The Linchpin Campaign

Our Method


Purpose:

• To assist community organizing groups in communicating the impact of organizing effectively.
• To get a wider range of donors and funders to fund organizing.

Strengthening the Case for Community Organizing

Research

A) Conducted over 150 in person interviews with donors and donor advisors to discern how they feel about organizing and how community organizers approach them. The findings were developed into a workshop. Collaborating with the Spin Project to turn the findings into a report to be distributed in the spring of ‘08. Download the Report>>

B) Surveyed, with the assistance of Spitfire Strategies, approximately 1,000 donors online from January 9 to March 16, 2007. Collected data from 189 individual donors. The findings reported are based on 108 completed surveys. The key findings offer a series of insights for community organizers and donors.

Overall, the survey indicates that community organizing has grown up and come of age in the nonprofit sector, shedding many of its contentious stereotypes from the past and attracting considerable financial support. These donors are overwhelmingly supportive of community organizing, but feel that it is difficult to measure its impact. They also don’t seem to be seeing the big-picture outcomes that they feel it could achieve.

C) Mapped Organizing.  Collaborated with the Organizing unit of CCC to develop a dynamic and comprehensive map that portrays the reach of community organizing and highlights several success stories and leaders throughout the country.

Training/Consulting

A) Provide organizations with workshops on how to communicate the power of organizing to high end donors.
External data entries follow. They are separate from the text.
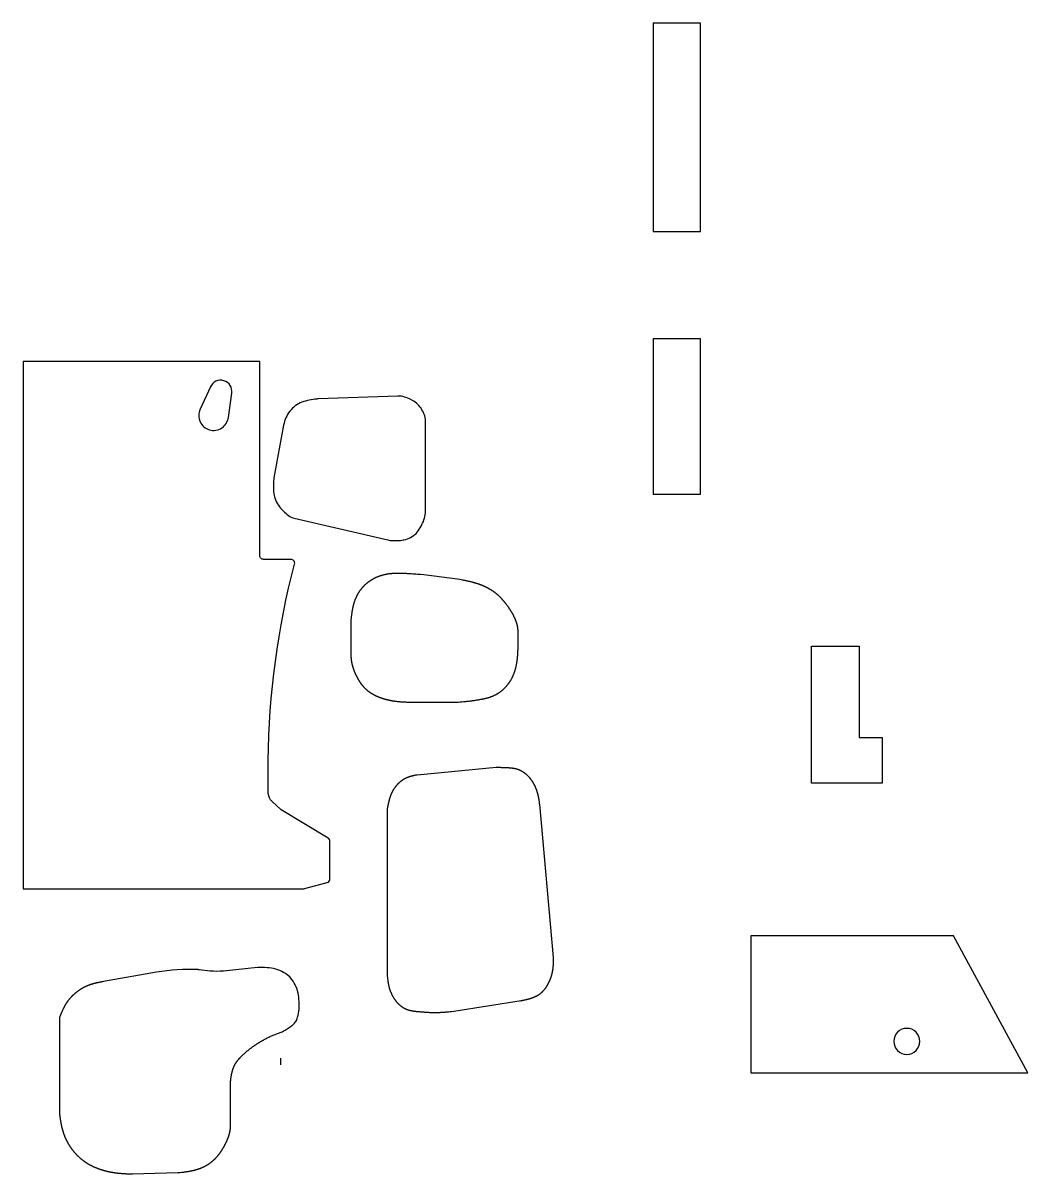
# Model space of a CAD drawing. Extents: x -2624 to 3290, y -1203 to 2810.
# Drawn here: x 586 to 3290, y -769 to 2328 of the extents above; entities that cross this region are included whole.
import ezdxf

# ---------------------------------------------------------------- set-up
doc = ezdxf.new("R2010")
doc.units = 0
doc.layers.get('0').update_dxf_attribs({"linetype": 'CONTINUOUS'})
doc.layers.add('LAYER1', color=18, linetype='CONTINUOUS')

msp = doc.modelspace()

# ---------------------------------------------------------------- linework, layer by layer
for points in [[(2281.7, 1766.8), (2409.7, 1766.8), (2409.7, 2327.8), (2281.7, 2327.8)], [(2281.7, 1060.6), (2409.7, 1060.6), (2409.7, 1478.6), (2281.7, 1478.6)]]:
    msp.add_lwpolyline(points, close=True)
msp.add_lwpolyline([(2964.4, -376.7, 0.414214), (2929.4, -411.7, 0.414214), (2964.4, -446.7, 0.414214), (2999.4, -411.7, 0.414214)], format="xyb", close=True)
at = {"layer": 'LAYER1'}
for points in [[(1343.8, -0.8), (1404.9, 15.6, 0.339454), (1412.3, 25.2), (1412.3, 126.7, 0.263597), (1407.4, 135.3), (1281.3, 210.9), (1256.3, 233.9, -0.176542), (1246.3, 254.9), (1246.3, 343.9, -0.061944), (1317, 872.3, 0.491551), (1307.3, 884.9), (1233.3, 884.9, -0.414214), (1223.3, 894.9), (1223.3, 1416.9), (586.3, 1416.9), (586.3, -1.1), (1341.2, -1.1, 0.065543)], [(1063, 1288.6, 0.458397), (1088.1, 1233.5, 0.458397), (1138.9, 1266.5), (1147.8, 1331.7, 0.891052), (1090.7, 1348.7)], [(1300.8, 1002.8, 0.108354), (1316.3, 995.5), (1567.6, 937.1, 0.041646), (1574.2, 936.1), (1578.9, 935.8), (1583.6, 935.6), (1588.2, 935.5), (1592.9, 935.5), (1597.5, 935.7), (1602.2, 936.1), (1608.9, 937.1), (1611.4, 937.6), (1616, 938.7), (1620.5, 940.2), (1624.9, 941.9), (1629.2, 943.9), (1633.3, 946.2), (1637.1, 948.8), (1639.9, 951.1), (1644, 954.9), (1647.1, 958.4), (1649.9, 962.1), (1652.5, 965.9), (1655, 970), (1657.3, 974.1), (1660.5, 980.4), (1661.5, 982.7), (1663.5, 987), (1665.2, 991.4), (1666.7, 995.9), (1667.9, 1000.4), (1668.7, 1004.9), (1668.9, 1009.6), (1668.9, 1262.1), (1668.2, 1266.5), (1667.1, 1270.9), (1665.7, 1275.3), (1664, 1279.5), (1662, 1283.6), (1659.8, 1287.6), (1657.3, 1291.5), (1655.2, 1294.3), (1651.6, 1298.5), (1648.4, 1301.7), (1645.1, 1304.8), (1641.5, 1307.6), (1637.8, 1310.2), (1633.9, 1312.6), (1628.2, 1315.8), (1625.9, 1316.9), (1621.7, 1318.7), (1617.4, 1320.4), (1613, 1321.7), (1608.6, 1322.8), (1604.2, 1323.7), (1599.7, 1324.2), (1595.2, 1324.4), (1380.1, 1316.5, 0.020033), (1376.9, 1316.3), (1371.7, 1315.6), (1366.6, 1314.9), (1361.4, 1314.1), (1356.4, 1313.2), (1351.4, 1312.1), (1346.4, 1310.9), (1341.6, 1309.4), (1336.8, 1307.7), (1332.1, 1305.7), (1327.6, 1303.4), (1323.2, 1300.8), (1319, 1297.9), (1314.9, 1294.7), (1311, 1291.3), (1307.4, 1287.5), (1304.1, 1283.6), (1301.1, 1279.4), (1298.3, 1275.1), (1296, 1270.6), (1293.9, 1265.9), (1292, 1261.2), (1290.2, 1256.4), (1288.6, 1251.5, 0.035134), (1287.2, 1246.1), (1261.6, 1104.5, 0.024518), (1261.1, 1100.6), (1260.7, 1095.7), (1260.4, 1090.8), (1260.1, 1085.8), (1260, 1080.9), (1260, 1076.1), (1260.1, 1071.2), (1260.5, 1066.4), (1261.1, 1061.7), (1262, 1056.9), (1262.9, 1053.1), (1264.6, 1047.7), (1266.4, 1043.1), (1268.5, 1038.7), (1270.9, 1034.4), (1273.5, 1030.3), (1276.4, 1026.3), (1278.9, 1023.1), (1282.6, 1018.9), (1286, 1015.4), (1289.6, 1012.1), (1293.2, 1008.9), (1297, 1005.8)], [(880.8, -768.5), (1003.3, -764.8, 0.018859), (1006.3, -764.6), (1009.4, -764.3), (1012.6, -763.9), (1014.2, -763.7), (1015.8, -763.6), (1017.3, -763.4), (1018.9, -763.2), (1020.5, -763), (1022.1, -762.8), (1023.6, -762.6), (1025.2, -762.4), (1026.8, -762.2), (1028.3, -761.9), (1029.9, -761.7), (1031.5, -761.4), (1033, -761.2), (1033.8, -761.1), (1034.6, -760.9), (1035.4, -760.8), (1036.1, -760.6), (1036.9, -760.5), (1037.7, -760.4), (1038.5, -760.2), (1039.2, -760.1), (1040, -759.9), (1040.8, -759.7), (1041.6, -759.6), (1042.3, -759.4), (1043.1, -759.2), (1043.9, -759.1), (1044.6, -758.9), (1045.4, -758.7), (1046.2, -758.5), (1046.9, -758.3), (1047.7, -758.1), (1048.5, -757.9), (1049.2, -757.7), (1050, -757.5), (1050.8, -757.3), (1051.5, -757.1), (1052.3, -756.9), (1053, -756.7), (1053.8, -756.5), (1054.5, -756.2), (1055.3, -756), (1056.1, -755.8), (1056.8, -755.5), (1057.6, -755.3), (1058.3, -755), (1059.1, -754.7), (1059.8, -754.5), (1060.6, -754.2), (1061.3, -753.9), (1062, -753.7), (1062.8, -753.4), (1063.5, -753.1), (1064.3, -752.8), (1065, -752.5), (1065.7, -752.2), (1066.5, -751.9), (1067.2, -751.6), (1067.9, -751.2), (1068.7, -750.9), (1069.4, -750.6), (1070.1, -750.3), (1070.8, -749.9), (1071.6, -749.6), (1072.3, -749.2), (1073, -748.9), (1073.7, -748.5), (1074.4, -748.2), (1075.1, -747.8), (1075.8, -747.4), (1076.5, -747.1), (1077.3, -746.7), (1078, -746.3), (1078.6, -745.9), (1079.3, -745.5), (1080, -745.1), (1080.7, -744.7), (1081.4, -744.3), (1082.1, -743.9), (1082.8, -743.5), (1083.5, -743.1), (1084.1, -742.7), (1084.8, -742.2), (1085.5, -741.8), (1086.1, -741.4), (1086.8, -740.9), (1087.4, -740.5), (1088.1, -740), (1088.8, -739.6), (1089.4, -739.1), (1090, -738.6), (1090.7, -738.2), (1091.3, -737.7), (1092, -737.2), (1092.6, -736.8), (1093.2, -736.3), (1093.8, -735.8), (1094.5, -735.3), (1095.1, -734.8), (1095.7, -734.3), (1096.3, -733.8), (1096.9, -733.3), (1097.5, -732.8), (1098.1, -732.2), (1098.7, -731.7), (1099.3, -731.2), (1099.9, -730.6), (1100.4, -730.1), (1101, -729.6), (1101.6, -729), (1102.1, -728.5), (1102.7, -727.9), (1103.3, -727.4), (1103.8, -726.8), (1104.4, -726.2), (1104.9, -725.7), (1105.5, -725.1), (1106, -724.5), (1106.5, -724), (1107.1, -723.4), (1107.6, -722.8), (1108.1, -722.2), (1108.6, -721.6), (1109.2, -721), (1109.7, -720.4), (1110.2, -719.8), (1110.7, -719.2), (1111.2, -718.6), (1111.7, -718), (1112.2, -717.4), (1112.7, -716.7), (1113.2, -716.1), (1113.6, -715.5), (1114.1, -714.9), (1114.6, -714.2), (1115.1, -713.6), (1115.6, -713), (1116, -712.3), (1116.5, -711.7), (1117, -711), (1117.4, -710.4), (1117.9, -709.7), (1118.3, -709.1), (1118.8, -708.4), (1119.2, -707.8), (1119.7, -707.1), (1120.1, -706.4), (1120.5, -705.8), (1121, -705.1), (1121.4, -704.4), (1121.8, -703.8), (1122.3, -703.1), (1122.7, -702.4), (1123.1, -701.7), (1123.5, -701), (1123.9, -700.3), (1124.4, -699.7), (1124.8, -699), (1125.2, -698.3), (1125.6, -697.6), (1126, -696.9), (1126.4, -696.2), (1126.8, -695.5), (1127.2, -694.8), (1127.6, -694.1), (1128, -693.4), (1128.3, -692.7), (1128.7, -692), (1129.1, -691.2), (1129.5, -690.5), (1129.9, -689.8), (1130.2, -689.1), (1130.6, -688.4), (1131, -687.7), (1131.3, -686.9), (1131.7, -686.2), (1132, -685.5), (1132.4, -684.8), (1132.7, -684), (1133.1, -683.3), (1133.4, -682.6), (1133.8, -681.9), (1134.1, -681.1), (1134.4, -680.4), (1134.8, -679.7), (1135.1, -678.9), (1135.4, -678.2), (1135.7, -677.4), (1136, -676.7), (1136.3, -676), (1136.6, -675.2), (1136.9, -674.5), (1137.2, -673.7), (1137.5, -673), (1137.8, -672.2), (1138.1, -671.5), (1138.4, -670.7), (1138.6, -670), (1138.9, -669.2), (1139.2, -668.5), (1139.4, -667.7), (1139.7, -666.9), (1139.9, -666.2), (1140.1, -665.4), (1140.4, -664.7), (1140.6, -663.9), (1140.8, -663.2), (1141.1, -662.4), (1141.3, -661.6), (1141.5, -660.9), (1141.7, -660.1), (1141.9, -659.3), (1142.1, -658.6), (1142.3, -657.8), (1142.4, -657), (1142.6, -656.3), (1142.8, -655.5), (1143, -654.7), (1143.1, -653.9), (1143.3, -653.2), (1143.4, -652.4), (1143.5, -651.6), (1143.7, -650.9), (1143.8, -650.1), (1143.9, -649.3), (1144, -648.5), (1144.1, -647.7), (1144.2, -647), (1144.3, -646.2), (1144.4, -645.4), (1144.5, -644.6), (1144.6, -643.9), (1144.6, -643.1), (1144.7, -642.3), (1144.8, -641.5), (1144.8, -521.4, -0.035706), (1145.2, -515.7), (1145.5, -513.1), (1145.7, -511.8), (1145.9, -510.5), (1146.1, -509.2), (1146.3, -507.9), (1146.6, -506.6), (1146.8, -505.3), (1147, -504), (1147.2, -502.7), (1147.5, -501.4), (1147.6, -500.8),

Signature workshop entitled “Can you hear me now?”  Offered workshops and consultations to national organizing networks such as ACORN, Gamaliel and FIRM as well local groups such as Iowa CCI, The Homeless Project (Tennessee) Make the Road by Walking, Highlander Center, The New York Thruway Alliance and Sunflower Community Action.

B) Working with GIFT (Grassroots Institute for Fundraising Training) to develop new workshops including overcoming barriers of race and class when engaged in major donor fundraising.


Donor Outreach and Education

A) Community Foundations: This Initiative aims to help community foundations engage their donors in supporting local community organizing and social justice efforts. In the first year planning phase will work with 6-8 community foundations in four states (California, Ohio, upstate New York and Tennessee) to develop “giving circle” models that incorporate donor education and a hands-on approach to grantmaking to connect donors to social justice funding. The model for this approach was developed by the California based Ventura County Community Foundation.

B) Democracy Alliance (DA):  Initiated collaboration with the DA social justice committee to try engaging partners unfamiliar with community organizing thorough site visits to organizing efforts near DA national conferences. October 31st event postponed.  Now working on April meeting.

C) Organizing Money Working Group: Coordinating efforts with NFG, Needmor, Changemakers, FACT, and the Daphne Fund to produce workshops, panel presentations, and informal roundtable discussions on community organizing at funder conferences where attention to organizing has been spotty or non-existent.  Attention is particularly given to collecting names and providing follow-up with those who are new to organizing such as the Association of Small Foundations, Family Foundation and Community Foundation conferences


Materials for Funders

A) Producing a book on Social Justice Grantmaking: This is a part of a Ford Foundation initiative to increase the percentage of philanthropic dollars being spent on social justice and peace.  The book will support the larger initiative by providing those working in foundations with examples of effective grantmaking in support of social justice.  The book will a) showcase foundations (including public, family and faith based grantmakers) that have undertaken a structural analysis of injustice; b) show how these funders have developed high impact funding strategies for changing these structures; and c) give readers ideas for immediate actions to support a social justice agenda.

B) Grantcraft: Initiated successful discussions with Grantcraft, an online grant givers’ resource that offers the tools and skills to be an effective funder, to develop a guide on funding organizing.  Other Grantcraft guides include Funding Advocacy and Funding with a Racial Justice Lens.  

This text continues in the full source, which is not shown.